The extra term enclosed in parentheses accounts for the partial mobility of the hydrophobic phase in MEKC.^[5] This equation resembles an expression derived for ${\displaystyle k^{1}}$  in conventional packed bed chromatography:

${\displaystyle k={\frac {t_{r}-t_{M}}{t_{M}}}}$ 

A rearrangement of the previous equation can be used to write an expression for the retention factor:^[6]

${\displaystyle t_{r}=\left({\frac {1+k^{1}}{1+(t_{M}/t_{c})k^{1}}}\right)t_{M}}$ 

From this equation it can be seen that all analytes that partition strongly into the micellar phase (where ${\displaystyle k^{1}}$  is essentially ∞) migrate at the same time, ${\displaystyle t_{c}}$ . In conventional chromatography, separation of similar compounds can be improved by gradient elution. In MEKC, however, techniques must be used to extend the elution range to separate strongly retained analytes.^[5]
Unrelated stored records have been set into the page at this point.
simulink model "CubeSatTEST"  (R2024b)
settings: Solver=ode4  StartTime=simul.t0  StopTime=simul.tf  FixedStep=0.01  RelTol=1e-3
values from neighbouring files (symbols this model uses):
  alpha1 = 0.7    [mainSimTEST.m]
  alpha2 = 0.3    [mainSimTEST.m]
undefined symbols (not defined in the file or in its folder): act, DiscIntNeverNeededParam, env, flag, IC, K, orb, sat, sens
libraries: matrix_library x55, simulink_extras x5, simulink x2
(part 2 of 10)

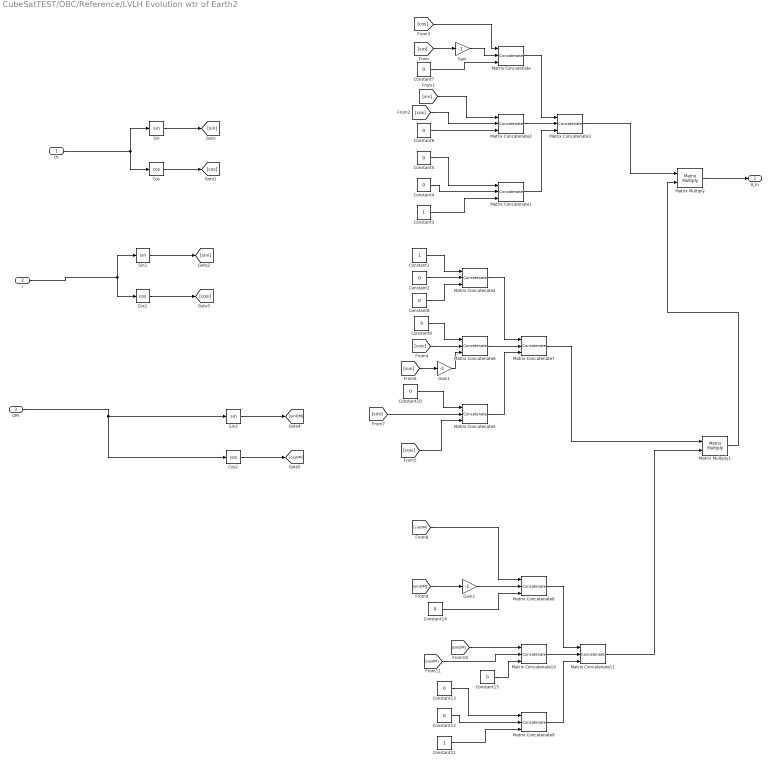
== system CubeSatTEST/OBC/Reference/LVLH Evolution wtr of Earth2 ==
  th : Inport
  i : Inport  Port=2
  OM : Inport  Port=3
  Constant1 : Constant
  Constant{2,4..10,12..15} (12 alike) : Constant  Value=0
  Constant11 : Constant
  Constant3 : Constant
  Cos : Trigonometry  Operator=cos
  Cos1 : Trigonometry  Operator=cos
  Cos2 : Trigonometry  Operator=cos
  Gain : Gain  Gain=-1
  Gain1 : Gain  Gain=-1
  Gain2 : Gain  Gain=-1
  Matrix Concatenate{,1..2,4..6,8..10} (9 alike) : Concatenate  NumInputs=3  Mode=Multidimensional array
  Matrix Concatenate11 : Concatenate  NumInputs=3  Mode=Multidimensional array  ConcatenateDimension=2
  Matrix Concatenate3 : Concatenate  NumInputs=3  Mode=Multidimensional array  ConcatenateDimension=2
  Matrix Concatenate7 : Concatenate  NumInputs=3  Mode=Multidimensional array  ConcatenateDimension=2
  Matrix Multiply : Product  Multiplication=Matrix(*)
  Matrix Multiply1 : Product  Multiplication=Matrix(*)
  Sin : Trigonometry
  Sin1 : Trigonometry
  Sin2 : Trigonometry
  A_ln : Outport
  wires:
  Cos/1 -> [cos]
  Matrix Concatenate1/1 -> Matrix Concatenate3/3
  th/1 -> Cos/1, Sin/1
  Matrix Concatenate/1 -> Matrix Concatenate3/1
  Constant5/1 -> Matrix Concatenate1/1
  Constant3/1 -> Matrix Concatenate1/3
  [cos] -> Matrix Concatenate/1
  Sin/1 -> [sin]
  Constant6/1 -> Matrix Concatenate2/3
  Constant7/1 -> Matrix Concatenate/3
  Constant4/1 -> Matrix Concatenate1/2
  Matrix Concatenate2/1 -> Matrix Concatenate3/2
  [cos] -> Matrix Concatenate2/2
  [sin] -> Matrix Concatenate2/1
  Gain/1 -> Matrix Concatenate/2
  [sin] -> Gain/1
  Cos1/1 -> [cosi]
  Sin1/1 -> [sini]
  i/1 -> Cos1/1, Sin1/1
  Matrix Multiply/1 -> A_ln/1
  Matrix Concatenate3/1 -> Matrix Multiply/1
  Matrix Concatenate6/1 -> Matrix Concatenate7/2
  Matrix Concatenate5/1 -> Matrix Concatenate7/3
  Matrix Concatenate4/1 -> Matrix Concatenate7/1
  Constant1/1 -> Matrix Concatenate4/1
  Constant2/1 -> Matrix Concatenate4/2
  Constant8/1 -> Matrix Concatenate4/3
  Constant9/1 -> Matrix Concatenate6/1
  Constant10/1 -> Matrix Concatenate5/1
  [cosi] -> Matrix Concatenate5/3
  [cosi] -> Matrix Concatenate6/2
  [sini] -> Matrix Concatenate5/2
  [sini] -> Gain1/1
  Gain1/1 -> Matrix Concatenate6/3
  Matrix Multiply1/1 -> Matrix Multiply/2
  Matrix Concatenate7/1 -> Matrix Multiply1/1
  OM/1 -> Cos2/1, Sin2/1
  Cos2/1 -> [cosOM]
  Sin2/1 -> [sinOM]
  Matrix Concatenate10/1 -> Matrix Concatenate11/2
  Matrix Concatenate9/1 -> Matrix Concatenate11/3
  Matrix Concatenate8/1 -> Matrix Concatenate11/1
  Matrix Concatenate11/1 -> Matrix Multiply1/2
  Constant13/1 -> Matrix Concatenate9/1
  Constant11/1 -> Matrix Concatenate9/3
  Constant12/1 -> Matrix Concatenate9/2
  Gain2/1 -> Matrix Concatenate8/2
  Constant14/1 -> Matrix Concatenate8/3
  [cosOM] -> Matrix Concatenate8/1
  [sinOM] -> Gain2/1
  [sinOM] -> Matrix Concatenate10/1
  [cosOM] -> Matrix Concatenate10/2
  Constant15/1 -> Matrix Concatenate10/3

== system CubeSatTEST/OBC/Reference/Magnetic Field order 1 ==
  Vector : Inport
  Clock : Clock
  Constant : Constant  Value=env.mag.dgrf2020
  Constant1 : Constant  Value=env.Earth.R
  Constant2 : Constant  Value=3
  Constant3 : Constant  Value=env.Earth.magInclination
  Constant4 : Constant  Value=3
  Cos : Trigonometry  Operator=cos
  Cos1 : Trigonometry  Operator=cos
  Divide : Product  Inputs=***/
  Divide1 : Product  Inputs=*/
  Divide2 : Product  Inputs=*/
  Dot Product : DotProduct  OutDataTypeStr=Inherit: Inherit via internal rule
  Gain : Gain  Gain=3
  Gain1 : Gain  Gain=env.Earth.omega
  Mux : Mux  Inputs=3
  Norm : Subsystem
  Norm1 : Subsystem
  Norm2 : Subsystem
  Power : Math  Operator=pow
  Power1 : Math  Operator=pow
  Product : Product
  Product1 : Product
  Product2 : Product
  Sin : Trigonometry
  Sin1 : Trigonometry
  Sqrt : Sqrt
  Square : Math  Operator=square
  Subtract : Sum  Inputs=+-
  Sum of Elements : Sum  Inputs=+
  B_n : Outport
  wires:
  Constant/1 -> Square/1
  Square/1 -> Sum of Elements/1
  Sum of Elements/1 -> Sqrt/1
  Constant1/1 -> Power/1
  Constant2/1 -> Power/2
  Sqrt/1 -> Divide/2
  Power/1 -> Divide/3
  Constant4/1 -> Power1/2
  Power1/1 -> Divide/4
  Norm/1(Norm) -> Power1/1  "norm_r"
  Vector/1 -> Norm2/1(Vector), Divide2/1, [rr]
  [rr] -> Norm/1(Vector)
  [rr_hat] -> Dot Product/2
  Subtract/1 -> Divide/1
  [mm] -> Subtract/2
  Dot Product/1 -> Product/2
  Product/1 -> Gain/1
  Gain/1 -> Subtract/1
  [rr_hat] -> Product/1
  [mm] -> Dot Product/1
  Mux/1 -> Norm1/1(Vector), Divide1/1
  Cos/1 -> Mux/3
  Constant3/1 -> Sin/1, Cos/1
  Clock/1 -> Gain1/1
  Sin/1 -> Product2/2, Product1/2
  Product1/1 -> Mux/2
  Product2/1 -> Mux/1
  Cos1/1 -> Product2/1
  Gain1/1 -> Cos1/1, Sin1/1
  Sin1/1 -> Product1/1
  Divide/1 -> B_n/1
  Norm1/1(Norm) -> Divide1/2  "norm_r"
  Divide1/1 -> [mm]
  Norm2/1(Norm) -> Divide2/2  "norm_r"
  Divide2/1 -> [rr_hat]

== system CubeSatTEST/OBC/Reference/SpaceCraft position wrt ECI1 ==
  th : Inport
  OM : Inport  Port=2
  Add : Sum
  Add1 : Sum  Inputs=+-
  Constant{1,7..10,12..15} (9 alike) : Constant  Value=0
  Constant{2..3,11,16} (4 alike) : Constant
  Constant4 : Constant  Value=2
  Constant5 : Constant  Value=orb.e
  Constant6 : Constant  Value=orb.i
  Cos{1..4} (4 alike) : Trigonometry  Operator=cos
  Divide : Product  Inputs=*/
  Gain : Gain  Gain=orb.e
  Gain1 : Gain  Gain=orb.a
  Gain2 : Gain  Gain=-1
  Gain3 : Gain  Gain=-1
  Matrix Concatenate{,4..6,8..10} (7 alike) : Concatenate  NumInputs=3  Mode=Multidimensional array
  Matrix Concatenate11 : Concatenate  NumInputs=3  Mode=Multidimensional array  ConcatenateDimension=2
  Matrix Concatenate7 : Concatenate  NumInputs=3  Mode=Multidimensional array  ConcatenateDimension=2
  Matrix Multiply : Product  Multiplication=Matrix(*)
  Matrix Multiply1 : Product  Multiplication=Matrix(*)
  Power : Math  Operator=pow
  Product2 : Product
  Sin1 : Trigonometry
  Sin2 : Trigonometry
  Sin3 : Trigonometry
  Transpose : Math  Operator=transpose
  r_n : Outport
  wires:
  Cos1/1 -> Matrix Concatenate/1
  th/1 -> Cos2/1, Sin1/1, Cos1/1
  Sin1/1 -> Matrix Concatenate/2
  Product2/1 -> r_n/1
  Divide/1 -> Product2/2
  Constant2/1 -> Add/1
  Add/1 -> Divide/2
  Cos2/1 -> Gain/1
  Gain/1 -> Add/2
  Constant3/1 -> Add1/1
  Power/1 -> Add1/2
  Constant4/1 -> Power/2
  Constant5/1 -> Power/1
  Add1/1 -> Gain1/1
  Gain1/1 -> Divide/1
  Constant6/1 -> Cos3/1, Sin2/1
  Cos3/1 -> [cosi]
  OM/1 -> Cos4/1, Sin3/1
  Sin2/1 -> [sini]
  Sin3/1 -> [sinOM]
  Cos4/1 -> [cosOM]
  Constant1/1 -> Matrix Concatenate/3
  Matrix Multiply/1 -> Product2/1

Elution ranges can be extended by several techniques including the use of organic modifiers, cyclodextrins, and mixed micelle systems. Short-chain alcohols or acetonitrile can be used as organic modifiers that decrease ${\displaystyle t_{M}}$  and ${\displaystyle k^{1}}$  to improve the resolution of analytes that co-elute with the micellar phase. These agents, however, may alter the level of the EOF. Cyclodextrins are cyclic polysaccharides that form inclusion complexes that can cause competitive hydrophobic partitioning of the analyte. Since analyte-cyclodextrin complexes are neutral, they will migrate toward the cathode at a higher velocity than that of the negatively charged micelles. Mixed micelle systems, such as the one formed by combining SDS with the non-ionic surfactant Brij-35, can also be used to alter the selectivity of MEKC.^[5]

The simplicity and efficiency of MEKC have made it an attractive technique for a variety of applications. Further improvements can be made to the selectivity of MEKC by adding chiral selectors or chiral surfactants to the system. Unfortunately, this technique is not suitable for protein analysis because proteins are generally too large to partition into a surfactant micelle and tend to bind to surfactant monomers to form SDS-protein complexes.^[7]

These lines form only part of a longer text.